Each cooling bed was equipped with a separate cooling unit consisting of a 100 L water tank, a chiller (DA-500B, Daeil, Busan, Republic of Korea), a circulation pump (PH-045M, Wilo, Busan, Republic of Korea), and a booster pump (PH-125W, Wilo, Republic of Korea). The three cooling systems operated independently, and chilled water was not shared among treatments. Four rows of 16-mm-diameter polyethylene pipes were installed parallel to the bed length and embedded at a depth of 10 cm below the substrate surface.

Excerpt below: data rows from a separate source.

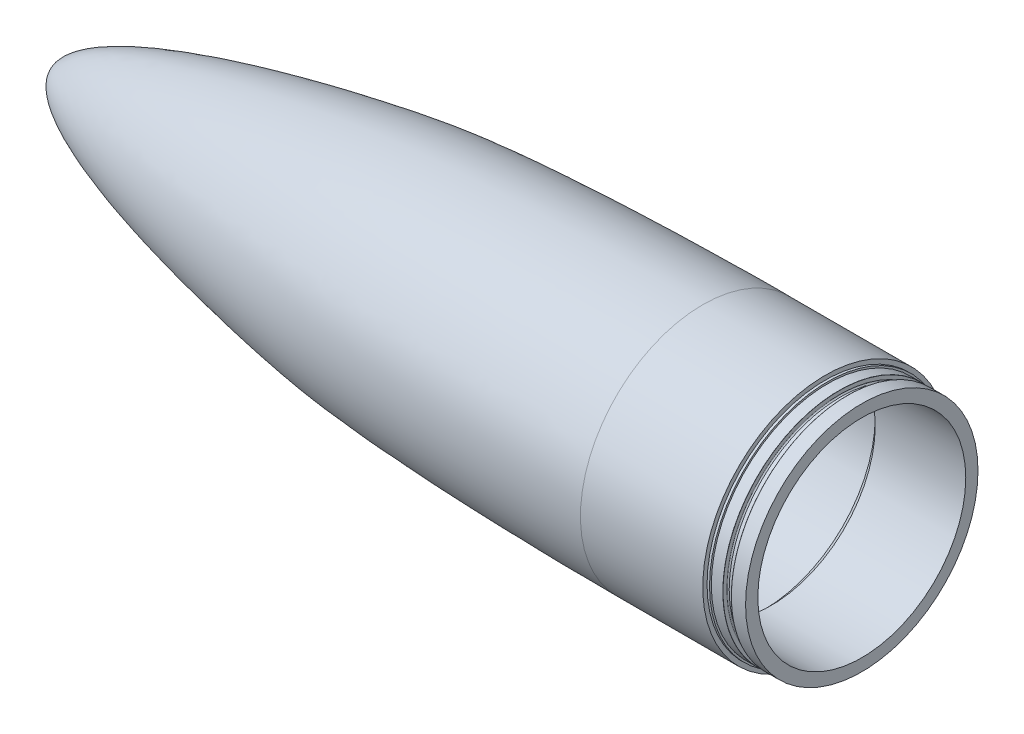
from build123d import *


with BuildPart() as part:
    # Esquisse1 → R_volution1 (revolve)
    with BuildSketch(Plane.XY, mode=Mode.PRIVATE) as r_volution1_sk:
        with BuildLine():
            Line((0, 100), (-100, 100))
            add(Edge.make_bspline(
                [(-100, 100), (-162.133323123, 100), (-304.534862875, 97.422570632), (-476.671134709, 71.310261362), (-630, 34.084755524), (-630, 0)],
                knots=[0, 0, 0, 0, 0.341762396, 0.441762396, 1, 1, 1, 1], degree=3))
            Line((-630, 0), (-623.6, 0))
            add(Edge.make_bspline(
                [(-280.170467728, 89.012283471), (-287.472773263, 88.603918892), (-302.288800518, 87.693244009), (-323.575500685, 86.088305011), (-343.634458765, 84.201217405), (-361.69470116, 82.050848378), (-378.640427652, 79.632054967), (-400.788613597, 76.040344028), (-429.814433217, 70.862000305), (-465.575885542, 63.667555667), (-500.879191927, 55.592935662), (-534.375414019, 46.748182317), (-564.687362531, 37.252390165), (-586.12269833, 28.914054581), (-600.228733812, 22.106709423), (-609.082536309, 16.989532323), (-615.995841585, 11.956157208), (-619.952563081, 7.988969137), (-621.98614959, 5.129446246), (-622.975069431, 3.200494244), (-623.496626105, 1.497317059), (-623.6, 0.514775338), (-623.6, 0)],
                knots=[0.251889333, 0.251889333, 0.251889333, 0.251889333, 0.28125, 0.3125, 0.34375, 0.375, 0.40625, 0.4375, 0.5, 0.5625, 0.625, 0.6875, 0.75, 0.8125, 0.84375, 0.875, 0.90625, 0.9375, 0.953125, 0.96875, 0.984375, 1, 1, 1, 1], degree=3))
            Line((-280.170467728, 89.012283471), (-178.987716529, 89.012283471))
            Line((-178.987716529, 89.012283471), (-177.0069108, 90.9930892))
            Line((-177.0069108, 90.9930892), (-50, 90.9930892))
            Line((-50, 90.9930892), (-44.0069108, 85))
            Line((-44.0069108, 85), (30, 85))
            Line((30, 85), (30, 95))
            Line((30, 95), (18.4, 95))
            ThreePointArc((18.4, 95), (18.329289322, 94.970710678), (18.3, 94.9))
            Line((18.3, 94.9), (18.3, 91.9))
            ThreePointArc((18.3, 91.9), (18.007106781, 91.192893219), (17.3, 90.9))
            Line((17.3, 90.9), (12.5, 90.9))
            ThreePointArc((12.5, 90.9), (11.792893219, 91.192893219), (11.5, 91.9))
            Line((11.5, 91.9), (11.5, 94.9))
            ThreePointArc((11.5, 94.9), (11.470710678, 94.970710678), (11.4, 95))
            Line((11.4, 95), (2, 95))
            Line((2, 95), (2, 96.5))
            Line((2, 96.5), (0, 96.5))
            Line((0, 96.5), (0, 100))
        make_face()
    revolve(r_volution1_sk.sketch.rotate(Axis((20.14499821, 0, 0), (-1, 0, 0)), 90), axis=Axis((20.14499821, 0, 0), (-1, 0, 0)))


solid = part.part
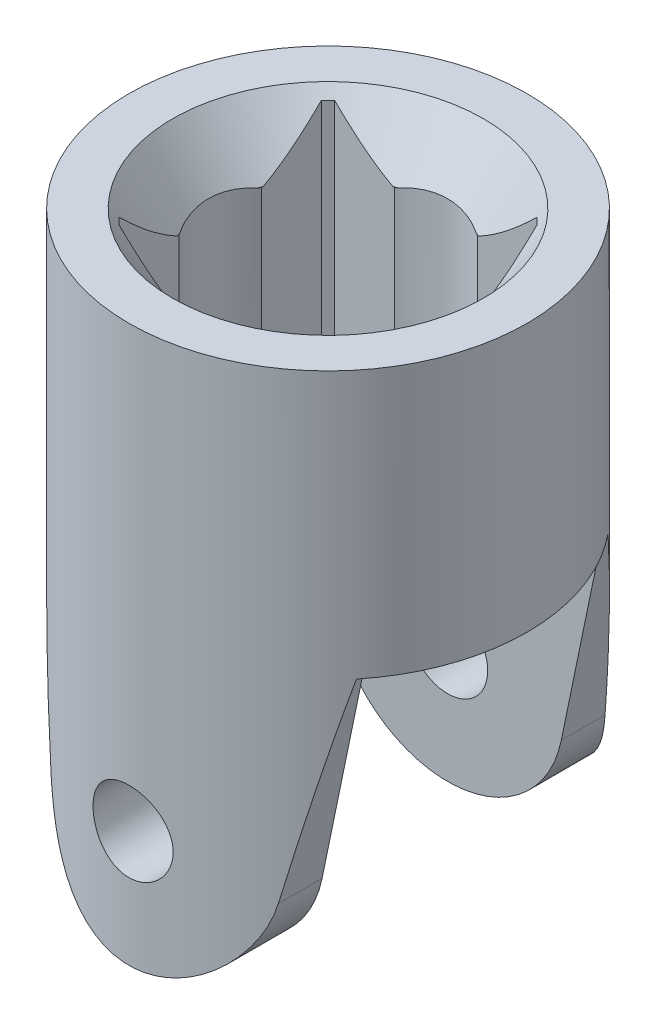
ISO-10303-21;
HEADER;
FILE_DESCRIPTION(('STEP AP214'),'2;1');
FILE_NAME('part.step','',(''),(''),'','','');
FILE_SCHEMA(('AUTOMOTIVE_DESIGN { 1 0 10303 214 1 1 1 1 }'));
ENDSEC;
DATA;
#1=APPLICATION_CONTEXT('core data for automotive mechanical design processes');
#2=APPLICATION_PROTOCOL_DEFINITION('international standard','automotive_design',2000,#1);
#3=PRODUCT_CONTEXT('',#1,'mechanical');
#4=PRODUCT('Part','Part','',(#3));
#5=PRODUCT_RELATED_PRODUCT_CATEGORY('part','',(#4));
#6=PRODUCT_DEFINITION_FORMATION('','',#4);
#7=PRODUCT_DEFINITION_CONTEXT('part definition',#1,'design');
#8=PRODUCT_DEFINITION('design','',#6,#7);
#9=PRODUCT_DEFINITION_SHAPE('','',#8);
#10=(LENGTH_UNIT() NAMED_UNIT(*) SI_UNIT(.MILLI.,.METRE.));
#11=(NAMED_UNIT(*) PLANE_ANGLE_UNIT() SI_UNIT($,.RADIAN.));
#12=(NAMED_UNIT(*) SI_UNIT($,.STERADIAN.) SOLID_ANGLE_UNIT());
#13=UNCERTAINTY_MEASURE_WITH_UNIT(LENGTH_MEASURE(1.E-05),#10,'distance_accuracy_value','');
#14=(GEOMETRIC_REPRESENTATION_CONTEXT(3) GLOBAL_UNCERTAINTY_ASSIGNED_CONTEXT((#13)) GLOBAL_UNIT_ASSIGNED_CONTEXT((#10,
#11,#12)) REPRESENTATION_CONTEXT('',''));
#15=CARTESIAN_POINT('',(0.,0.,0.));
#16=DIRECTION('',(0.,0.,1.));
#17=DIRECTION('',(1.,0.,0.));
#18=AXIS2_PLACEMENT_3D('',#15,#16,#17);
#19=CARTESIAN_POINT('',(0.,33.53,0.));
#20=DIRECTION('',(0.,-1.,0.));
#21=DIRECTION('',(0.,0.,-1.));
#22=AXIS2_PLACEMENT_3D('',#19,#20,#21);
#23=CYLINDRICAL_SURFACE('',#22,12.);
#24=CARTESIAN_POINT('',(0.,9.415,-12.));
#25=CARTESIAN_POINT('',(-0.134200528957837,9.41499508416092,-11.9999975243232));
#26=CARTESIAN_POINT('',(-0.268463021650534,9.40377600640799,-11.9977256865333));
#27=CARTESIAN_POINT('',(-0.533191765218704,9.35923245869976,-11.9888820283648));
#28=CARTESIAN_POINT('',(-0.663654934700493,9.32589054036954,-11.982306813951));
#29=CARTESIAN_POINT('',(-0.916919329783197,9.23817398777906,-11.9655904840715));
#30=CARTESIAN_POINT('',(-1.0397278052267,9.18381961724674,-11.9554528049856));
#31=CARTESIAN_POINT('',(-1.27447393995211,9.055681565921,-11.9327130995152));
#32=CARTESIAN_POINT('',(-1.38641222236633,8.98189899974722,-11.9201112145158));
#33=CARTESIAN_POINT('',(-1.59778270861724,8.81592712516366,-11.8936365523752));
#34=CARTESIAN_POINT('',(-1.69704449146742,8.72352294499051,-11.8797500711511));
#35=CARTESIAN_POINT('',(-1.87876851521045,8.52339272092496,-11.8523708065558));
#36=CARTESIAN_POINT('',(-1.96122943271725,8.41566547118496,-11.83887805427));
#37=CARTESIAN_POINT('',(-2.10773804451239,8.18671904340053,-11.8136800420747));
#38=CARTESIAN_POINT('',(-2.17160895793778,8.06538462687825,-11.8019924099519));
#39=CARTESIAN_POINT('',(-2.27799188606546,7.81343210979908,-11.7819227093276));
#40=CARTESIAN_POINT('',(-2.32050603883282,7.68281494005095,-11.7735403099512));
#41=CARTESIAN_POINT('',(-2.38241473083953,7.41783920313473,-11.7611688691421));
#42=CARTESIAN_POINT('',(-2.40210845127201,7.28355324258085,-11.7571230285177));
#43=CARTESIAN_POINT('',(-2.4187465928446,7.01352695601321,-11.7537118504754));
#44=CARTESIAN_POINT('',(-2.41569336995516,6.87778678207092,-11.7543460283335));
#45=CARTESIAN_POINT('',(-2.38716611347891,6.61089635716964,-11.7601716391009));
#46=CARTESIAN_POINT('',(-2.36203534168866,6.47970766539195,-11.7652932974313));
#47=CARTESIAN_POINT('',(-2.29060831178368,6.22344730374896,-11.7794068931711));
#48=CARTESIAN_POINT('',(-2.24431103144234,6.09837592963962,-11.7883990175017));
#49=CARTESIAN_POINT('',(-2.13153823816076,5.85691283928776,-11.8093115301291));
#50=CARTESIAN_POINT('',(-2.06492693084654,5.74058631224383,-11.8212515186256));
#51=CARTESIAN_POINT('',(-1.91351272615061,5.52063332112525,-11.8467018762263));
#52=CARTESIAN_POINT('',(-1.82870771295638,5.41700833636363,-11.8602124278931));
#53=CARTESIAN_POINT('',(-1.64147686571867,5.22341954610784,-11.8875837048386));
#54=CARTESIAN_POINT('',(-1.53875813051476,5.13373905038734,-11.9014463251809));
#55=CARTESIAN_POINT('',(-1.31958830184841,4.97283627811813,-11.9277344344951));
#56=CARTESIAN_POINT('',(-1.20313702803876,4.9016142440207,-11.940159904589));
#57=CARTESIAN_POINT('',(-0.959491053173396,4.77959659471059,-11.9622048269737));
#58=CARTESIAN_POINT('',(-0.832279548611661,4.72883366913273,-11.9718197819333));
#59=CARTESIAN_POINT('',(-0.570897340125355,4.64947890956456,-11.9871262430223));
#60=CARTESIAN_POINT('',(-0.436727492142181,4.62088435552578,-11.9928182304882));
#61=CARTESIAN_POINT('',(-0.16767148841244,4.58707983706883,-11.9995702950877));
#62=CARTESIAN_POINT('',(-0.0328359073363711,4.58148220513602,-12.0007071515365));
#63=CARTESIAN_POINT('',(0.235843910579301,4.59278595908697,-11.9984342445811));
#64=CARTESIAN_POINT('',(0.369688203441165,4.60968606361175,-11.9950247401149));
#65=CARTESIAN_POINT('',(0.631333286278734,4.66518352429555,-11.9840902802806));
#66=CARTESIAN_POINT('',(0.75917804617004,4.70358168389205,-11.9766031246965));
#67=CARTESIAN_POINT('',(1.00661431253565,4.80076737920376,-11.9583499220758));
#68=CARTESIAN_POINT('',(1.1262051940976,4.85955645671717,-11.9475836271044));
#69=CARTESIAN_POINT('',(1.35537185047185,4.99669185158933,-11.9237753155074));
#70=CARTESIAN_POINT('',(1.46480536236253,5.07527120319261,-11.9107067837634));
#71=CARTESIAN_POINT('',(1.66907212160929,5.24944487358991,-11.8838054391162));
#72=CARTESIAN_POINT('',(1.76390378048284,5.34504104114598,-11.8699725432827));
#73=CARTESIAN_POINT('',(1.93777345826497,5.5523004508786,-11.8428423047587));
#74=CARTESIAN_POINT('',(2.0165451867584,5.66418885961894,-11.8295565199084));
#75=CARTESIAN_POINT('',(2.15417760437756,5.89983671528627,-11.805270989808));
#76=CARTESIAN_POINT('',(2.21303909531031,6.02359568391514,-11.7942711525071));
#77=CARTESIAN_POINT('',(2.30881809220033,6.27884485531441,-11.7758965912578));
#78=CARTESIAN_POINT('',(2.34585010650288,6.41029066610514,-11.7685029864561));
#79=CARTESIAN_POINT('',(2.39726554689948,6.6777039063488,-11.7581383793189));
#80=CARTESIAN_POINT('',(2.41165196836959,6.81367073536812,-11.7551667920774));
#81=CARTESIAN_POINT('',(2.41725590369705,7.08359211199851,-11.7540154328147));
#82=CARTESIAN_POINT('',(2.40889428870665,7.2175377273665,-11.755748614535));
#83=CARTESIAN_POINT('',(2.37016915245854,7.48207118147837,-11.7636168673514));
#84=CARTESIAN_POINT('',(2.33980581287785,7.6126590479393,-11.7697519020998));
#85=CARTESIAN_POINT('',(2.25812789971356,7.86649803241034,-11.7856934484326));
#86=CARTESIAN_POINT('',(2.20686555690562,7.98976656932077,-11.7954908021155));
#87=CARTESIAN_POINT('',(2.08489335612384,8.22601894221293,-11.8176581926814));
#88=CARTESIAN_POINT('',(2.01418184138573,8.33900190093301,-11.8300284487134));
#89=CARTESIAN_POINT('',(1.85388372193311,8.55357031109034,-11.856213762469));
#90=CARTESIAN_POINT('',(1.76399342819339,8.65492634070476,-11.8700500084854));
#91=CARTESIAN_POINT('',(1.56851565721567,8.84125488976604,-11.8974568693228));
#92=CARTESIAN_POINT('',(1.46292457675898,8.92622363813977,-11.911027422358));
#93=CARTESIAN_POINT('',(1.23769466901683,9.07821862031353,-11.9365438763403));
#94=CARTESIAN_POINT('',(1.11791855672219,9.14504470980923,-11.948470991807));
#95=CARTESIAN_POINT('',(0.868629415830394,9.25751445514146,-11.9691716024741));
#96=CARTESIAN_POINT('',(0.739125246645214,9.3031771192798,-11.9779479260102));
#97=CARTESIAN_POINT('',(0.507783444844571,9.36322525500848,-11.9896619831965));
#98=CARTESIAN_POINT('',(0.407258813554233,9.3826060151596,-11.9935159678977));
#99=CARTESIAN_POINT('',(0.204501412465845,9.40849505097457,-11.9986858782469));
#100=CARTESIAN_POINT('',(0.102268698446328,9.41500374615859,-12.0000018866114));
#101=CARTESIAN_POINT('',(0.,9.415,-12.));
#102=B_SPLINE_CURVE_WITH_KNOTS('',3,(#24,#25,#26,#27,#28,#29,#30,#31,#32,#33,#34,#35,#36,#37,
#38,#39,#40,#41,#42,#43,#44,#45,#46,#47,#48,#49,#50,#51,#52,#53,#54,#55,#56,#57,#58,#59,#60,#61,
#62,#63,#64,#65,#66,#67,#68,#69,#70,#71,#72,#73,#74,#75,#76,#77,#78,#79,#80,#81,#82,#83,#84,#85,
#86,#87,#88,#89,#90,#91,#92,#93,#94,#95,#96,#97,#98,#99,#100,#101),.UNSPECIFIED.,.T.,.F.,(4,2,2,
2,2,2,2,2,2,2,2,2,2,2,2,2,2,2,2,2,2,2,2,2,2,2,2,2,2,2,2,2,2,2,2,2,2,2,4),(0.,0.402227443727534,
0.804772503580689,1.20693032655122,1.60906508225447,2.01613716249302,2.42324129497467,
2.83409894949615,3.24491546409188,3.65028286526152,4.0556082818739,4.45474106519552,
4.85389312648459,5.25577418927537,5.65770201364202,6.06695302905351,6.47620941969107,
6.88611715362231,7.29597458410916,7.69889381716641,8.10179010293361,8.5010135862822,
8.90026726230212,9.30446206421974,9.70870080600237,10.1191773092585,10.5296372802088,
10.9379245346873,11.3461577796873,11.7468897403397,12.1476183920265,12.5473516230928,
12.9471189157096,13.3537611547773,13.7604968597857,14.1715523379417,14.5822379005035,
14.8887688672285,15.1952898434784),.UNSPECIFIED.);
#103=CARTESIAN_POINT('',(0.,9.415,-12.));
#104=VERTEX_POINT('',#103);
#105=EDGE_CURVE('E304',#104,#104,#102,.T.);
#106=ORIENTED_EDGE('',*,*,#105,.T.);
#107=EDGE_LOOP('',(#106));
#108=FACE_BOUND('',#107,.T.);
#109=CARTESIAN_POINT('',(2.415,7.,11.754478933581));
#110=CARTESIAN_POINT('',(2.41499506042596,6.86583049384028,11.7544816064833));
#111=CARTESIAN_POINT('',(2.40378099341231,6.7315989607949,11.7568010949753));
#112=CARTESIAN_POINT('',(2.3592591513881,6.46693449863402,11.765814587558));
#113=CARTESIAN_POINT('',(2.32593380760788,6.3365046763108,11.7725120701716));
#114=CARTESIAN_POINT('',(2.23826571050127,6.08331090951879,11.7894929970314));
#115=CARTESIAN_POINT('',(2.18394399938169,5.96053943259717,11.7997728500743));
#116=CARTESIAN_POINT('',(2.0558829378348,5.72585568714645,11.8227559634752));
#117=CARTESIAN_POINT('',(1.98214462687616,5.61394283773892,11.8354590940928));
#118=CARTESIAN_POINT('',(1.81621814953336,5.40254528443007,11.8620606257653));
#119=CARTESIAN_POINT('',(1.72380517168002,5.30323867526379,11.8759722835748));
#120=CARTESIAN_POINT('',(1.52363831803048,5.12142766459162,11.903306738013));
#121=CARTESIAN_POINT('',(1.4158833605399,5.03892444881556,11.9167295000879));
#122=CARTESIAN_POINT('',(1.18691102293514,4.89237025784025,11.9417168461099));
#123=CARTESIAN_POINT('',(1.06558316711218,4.82848865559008,11.9532639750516));
#124=CARTESIAN_POINT('',(0.81364483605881,4.72208417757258,11.9730500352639));
#125=CARTESIAN_POINT('',(0.683035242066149,4.67955927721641,11.9812892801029));
#126=CARTESIAN_POINT('',(0.418089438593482,4.61763009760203,11.9934375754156));
#127=CARTESIAN_POINT('',(0.283826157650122,4.59792503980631,11.9974029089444));
#128=CARTESIAN_POINT('',(0.0138447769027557,4.58125635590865,12.0007510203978));
#129=CARTESIAN_POINT('',(-0.121873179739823,4.58429051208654,12.0001342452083));
#130=CARTESIAN_POINT('',(-0.388844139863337,4.61278626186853,11.9944312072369));
#131=CARTESIAN_POINT('',(-0.520133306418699,4.63792385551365,11.9894095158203));
#132=CARTESIAN_POINT('',(-0.776591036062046,4.70939885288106,11.9755337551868));
#133=CARTESIAN_POINT('',(-0.901759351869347,4.7557371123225,11.966679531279));
#134=CARTESIAN_POINT('',(-1.14334501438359,4.86859735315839,11.9460273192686));
#135=CARTESIAN_POINT('',(-1.25970154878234,4.93524600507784,11.9342109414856));
#136=CARTESIAN_POINT('',(-1.4796989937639,5.08674134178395,11.9089365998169));
#137=CARTESIAN_POINT('',(-1.58333842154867,5.17159014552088,11.8954784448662));
#138=CARTESIAN_POINT('',(-1.77688275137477,5.35885381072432,11.868126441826));
#139=CARTESIAN_POINT('',(-1.86651301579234,5.46155222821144,11.8542290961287));
#140=CARTESIAN_POINT('',(-2.02732387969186,5.68066292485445,11.8277901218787));
#141=CARTESIAN_POINT('',(-2.0985041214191,5.79707546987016,11.8152485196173));
#142=CARTESIAN_POINT('',(-2.2204908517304,6.04070749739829,11.7929340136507));
#143=CARTESIAN_POINT('',(-2.27125240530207,6.16795007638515,11.783167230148));
#144=CARTESIAN_POINT('',(-2.35059506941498,6.42940031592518,11.7675976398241));
#145=CARTESIAN_POINT('',(-2.37917911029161,6.56360705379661,11.7617943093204));
#146=CARTESIAN_POINT('',(-2.41294389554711,6.83268551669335,11.7549137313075));
#147=CARTESIAN_POINT('',(-2.4185214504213,6.96750545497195,11.7537563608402));
#148=CARTESIAN_POINT('',(-2.40718313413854,7.23614930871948,11.7560836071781));
#149=CARTESIAN_POINT('',(-2.39026855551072,7.36997328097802,11.759567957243));
#150=CARTESIAN_POINT('',(-2.33476835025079,7.631489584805,11.7707109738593));
#151=CARTESIAN_POINT('',(-2.29639516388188,7.75922890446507,11.7783286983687));
#152=CARTESIAN_POINT('',(-2.19929435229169,8.00646522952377,11.796844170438));
#153=CARTESIAN_POINT('',(-2.14056503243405,8.12596154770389,11.8077421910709));
#154=CARTESIAN_POINT('',(-2.00352236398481,8.35505492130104,11.831770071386));
#155=CARTESIAN_POINT('',(-1.92496096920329,8.46450065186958,11.8449274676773));
#156=CARTESIAN_POINT('',(-1.7508144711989,8.66880030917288,11.8719162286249));
#157=CARTESIAN_POINT('',(-1.65522759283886,8.76365271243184,11.8857476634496));
#158=CARTESIAN_POINT('',(-1.44796121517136,8.93757998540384,11.9127863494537));
#159=CARTESIAN_POINT('',(-1.33605447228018,9.01638641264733,11.9259805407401));
#160=CARTESIAN_POINT('',(-1.1003594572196,9.1540796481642,11.9500301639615));
#161=CARTESIAN_POINT('',(-0.976571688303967,9.21296729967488,11.9608856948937));
#162=CARTESIAN_POINT('',(-0.721330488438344,9.30876122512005,11.9789791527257));
#163=CARTESIAN_POINT('',(-0.589925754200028,9.3457931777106,11.986237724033));
#164=CARTESIAN_POINT('',(-0.32260017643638,9.39722236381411,11.9964080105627));
#165=CARTESIAN_POINT('',(-0.186679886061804,9.41162235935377,11.9993202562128));
#166=CARTESIAN_POINT('',(0.0832554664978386,9.4172707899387,12.0004570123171));
#167=CARTESIAN_POINT('',(0.217261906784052,9.40892263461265,11.998763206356));
#168=CARTESIAN_POINT('',(0.481920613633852,9.3702032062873,11.9910501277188));
#169=CARTESIAN_POINT('',(0.612572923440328,9.3398322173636,11.9850309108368));
#170=CARTESIAN_POINT('',(0.866559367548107,9.25810946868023,11.9693458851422));
#171=CARTESIAN_POINT('',(0.989909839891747,9.20680674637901,11.9596886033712));
#172=CARTESIAN_POINT('',(1.22630958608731,9.08472811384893,11.9377667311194));
#173=CARTESIAN_POINT('',(1.3393580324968,9.01395064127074,11.9255019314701));
#174=CARTESIAN_POINT('',(1.55393764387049,8.853573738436,11.899460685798));
#175=CARTESIAN_POINT('',(1.65525076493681,8.76368601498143,11.8856628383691));
#176=CARTESIAN_POINT('',(1.84149393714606,8.56823182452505,11.8582369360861));
#177=CARTESIAN_POINT('',(1.92642009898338,8.46266164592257,11.8446089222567));
#178=CARTESIAN_POINT('',(2.07836147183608,8.2374544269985,11.818901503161));
#179=CARTESIAN_POINT('',(2.14517071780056,8.11767621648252,11.806840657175));
#180=CARTESIAN_POINT('',(2.25760841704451,7.86838419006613,11.7858602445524));
#181=CARTESIAN_POINT('',(2.3032560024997,7.73887929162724,11.7769378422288));
#182=CARTESIAN_POINT('',(2.36326781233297,7.50757609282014,11.7650172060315));
#183=CARTESIAN_POINT('',(2.38263251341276,7.40709311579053,11.761089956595));
#184=CARTESIAN_POINT('',(2.40850026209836,7.20441872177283,11.7558198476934));
#185=CARTESIAN_POINT('',(2.41500376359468,7.10222736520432,11.7544768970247));
#186=CARTESIAN_POINT('',(2.415,7.,11.754478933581));
#187=B_SPLINE_CURVE_WITH_KNOTS('',3,(#109,#110,#111,#112,#113,#114,#115,#116,#117,#118,#119,
#120,#121,#122,#123,#124,#125,#126,#127,#128,#129,#130,#131,#132,#133,#134,#135,#136,#137,#138,
#139,#140,#141,#142,#143,#144,#145,#146,#147,#148,#149,#150,#151,#152,#153,#154,#155,#156,#157,
#158,#159,#160,#161,#162,#163,#164,#165,#166,#167,#168,#169,#170,#171,#172,#173,#174,#175,#176,
#177,#178,#179,#180,#181,#182,#183,#184,#185,#186),.UNSPECIFIED.,.T.,.F.,(4,2,2,2,2,2,2,2,2,2,2,
2,2,2,2,2,2,2,2,2,2,2,2,2,2,2,2,2,2,2,2,2,2,2,2,2,2,2,4),(0.,0.402134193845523,
0.804588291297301,1.20664009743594,1.60867038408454,2.01586449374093,2.42308732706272,
2.83390608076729,3.24468588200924,3.6499874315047,4.05524945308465,4.45466821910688,
4.85410310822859,5.25608199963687,5.65810771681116,6.06722773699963,6.47635568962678,
6.88637914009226,7.29634840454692,7.69921626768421,8.10206098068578,8.50098638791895,
8.8999450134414,9.30416480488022,9.70842676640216,10.1189785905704,10.5295130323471,
10.9376631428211,11.3457634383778,11.7466739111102,12.1475792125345,12.547550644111,
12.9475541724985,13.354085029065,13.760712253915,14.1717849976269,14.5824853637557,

This depth corresponded to the midpoint of the 20-cm-deep bed, and the four pipes were evenly arranged across the 1.0 m bed width to promote uniform distribution of root-zone cooling. The non-cooled control bed was managed conventionally by the grower without cooling pipes or chilled-water circulation.

The cooling treatments were defined by activation thresholds of 28 °C, 25 °C, and 22 °C, referred to as the high-temperature threshold treatment (HT), medium-temperature threshold treatment (MT), and low-temperature threshold treatment (LT), respectively. These thresholds were selected based on the reported favorable temperature range for chrysanthemum growth and development and on preliminary monitoring of summer root-zone temperature in the same commercial greenhouse. Because chrysanthemum growth and developmental responses have been reported to be favorable at approximately 18–22 °C, depending on cultivar [17], the LT threshold of 22 °C was selected near the upper end of this favorable temperature range. The chilled-water temperature was set at 18 °C to provide sufficient cooling capacity to maintain the root zone near the assigned threshold. Based on preliminary monitoring during the previous summer, in which root-zone temperature exceeded 32 °C under commercial greenhouse conditions, the MT and HT thresholds of 25 °C and 28 °C were established as stepwise higher temperature exposure levels representing moderate and mild root-zone cooling, respectively. Chilled water was circulated automatically using digital temperature controllers (FOX-2001, Conotec, Busan, Republic of Korea) connected to independent control sensors (FS-200N, Conotec, Republic of Korea) installed at a depth of 10 cm in the root zone. Cooling was initiated when the root-zone temperature exceeded the assigned threshold by 0.1 °C and stopped when it decreased to 0.1 °C below the threshold.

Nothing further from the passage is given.